Thursday 29 November 2007

Weakness of HL7V3.0

Administrative Overhead: The version 2.x has very simple administrative process than Version 3. Modifications to 2.x standard are done easily by editing the change into the appropriate word processing document. In Version 3 changes need to be done to the computerized models, and the downstream consequences in the message structures need to be taken care of. This disparity comes into focus especially when introducing small changes into existing interfaces.

Message Size: The usage of XML as ITS and the adoption of ebXML as the wrapping mechanism for HL7V3.0 messages increased the message size hugely compared to a HL7V2.X message. The two layered wrappers consisting of ebXML wrapper and HL7 wrapper with duplicate elements contributed to the size.

Technological Barriers: HL7V3.0 has been built on RIM a decision which has been made in 1996. Technological changes and new architectural patters e.g. SOA make RIM which uses for e.g. UML look like a legacy hangover. The level of extensibility of RIM with well-designed ontologies for functions like computerized decision support which came with advances in clinical research is unknown and undefined.

Learning Curve: There is a very steep learning curve in understanding HL7V3.0 and there are no standard implementation and deployment guides available for starters. They need to traverse through the documentation available on HL7V3.0 site and the structure of documentation adds further complexity to the understanding of Version 3.0.

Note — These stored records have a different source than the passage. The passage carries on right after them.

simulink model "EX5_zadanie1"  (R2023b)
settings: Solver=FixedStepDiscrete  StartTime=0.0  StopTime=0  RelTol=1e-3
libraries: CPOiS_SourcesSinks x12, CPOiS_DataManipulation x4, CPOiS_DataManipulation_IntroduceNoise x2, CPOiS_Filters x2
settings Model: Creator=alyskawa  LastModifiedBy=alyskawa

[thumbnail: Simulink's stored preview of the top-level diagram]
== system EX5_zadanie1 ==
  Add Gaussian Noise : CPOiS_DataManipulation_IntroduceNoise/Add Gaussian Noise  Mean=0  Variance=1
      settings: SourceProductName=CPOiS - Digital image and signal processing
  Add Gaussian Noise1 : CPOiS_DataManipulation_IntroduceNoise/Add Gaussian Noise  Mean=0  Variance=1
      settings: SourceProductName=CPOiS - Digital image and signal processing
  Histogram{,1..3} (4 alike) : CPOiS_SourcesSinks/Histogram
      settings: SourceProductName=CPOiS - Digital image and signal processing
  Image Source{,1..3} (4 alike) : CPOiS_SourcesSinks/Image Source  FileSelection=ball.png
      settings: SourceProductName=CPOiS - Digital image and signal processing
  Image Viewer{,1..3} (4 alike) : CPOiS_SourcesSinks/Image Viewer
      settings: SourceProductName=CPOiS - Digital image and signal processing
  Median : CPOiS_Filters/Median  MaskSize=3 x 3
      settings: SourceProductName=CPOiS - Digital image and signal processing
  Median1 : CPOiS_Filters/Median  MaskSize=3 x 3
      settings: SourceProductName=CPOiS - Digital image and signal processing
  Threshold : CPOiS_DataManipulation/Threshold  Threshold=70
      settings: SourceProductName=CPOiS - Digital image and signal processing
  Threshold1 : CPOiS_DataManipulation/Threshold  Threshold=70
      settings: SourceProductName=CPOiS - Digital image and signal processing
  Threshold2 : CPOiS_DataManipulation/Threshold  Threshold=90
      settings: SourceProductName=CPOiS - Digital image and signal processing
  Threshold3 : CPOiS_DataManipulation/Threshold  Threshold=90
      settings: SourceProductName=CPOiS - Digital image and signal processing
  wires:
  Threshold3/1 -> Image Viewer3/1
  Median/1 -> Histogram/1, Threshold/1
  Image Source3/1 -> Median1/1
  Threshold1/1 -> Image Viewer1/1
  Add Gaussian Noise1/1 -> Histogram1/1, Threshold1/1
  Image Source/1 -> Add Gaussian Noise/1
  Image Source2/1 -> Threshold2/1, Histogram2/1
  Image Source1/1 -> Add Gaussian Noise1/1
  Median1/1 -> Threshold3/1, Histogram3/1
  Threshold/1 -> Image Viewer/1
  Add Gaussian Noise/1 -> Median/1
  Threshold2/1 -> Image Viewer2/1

Inadequate RIM: The HL7 RIM contains an ad hoc mixture of health-specific concepts and domain-independent concepts. There are no classes to represent key clinical concepts such as 'diagnosis', 'problem' etc .HL7 proponents would argue that it is indeed possible to represent 'problems', 'diagnoses', etc. using RIM components. This may well be the case, by using suitable values of codes etc, but the general view of this is that HL7 RIM is far too abstract to provide a useful basis for the specification of health event summaries,


Multiple Tools: Multiple tools are used to design and build HL7V3.0 message specifications. For example the RIM is defined using UML, D-MIM and R-MIM using Visio, HMD using Rose Tree and the messages are in XML. The story boards are in formal English language and the application roles, triggers and interactions are in a PubDB. The usage of different tools in designing and publishing message specifications is expensive.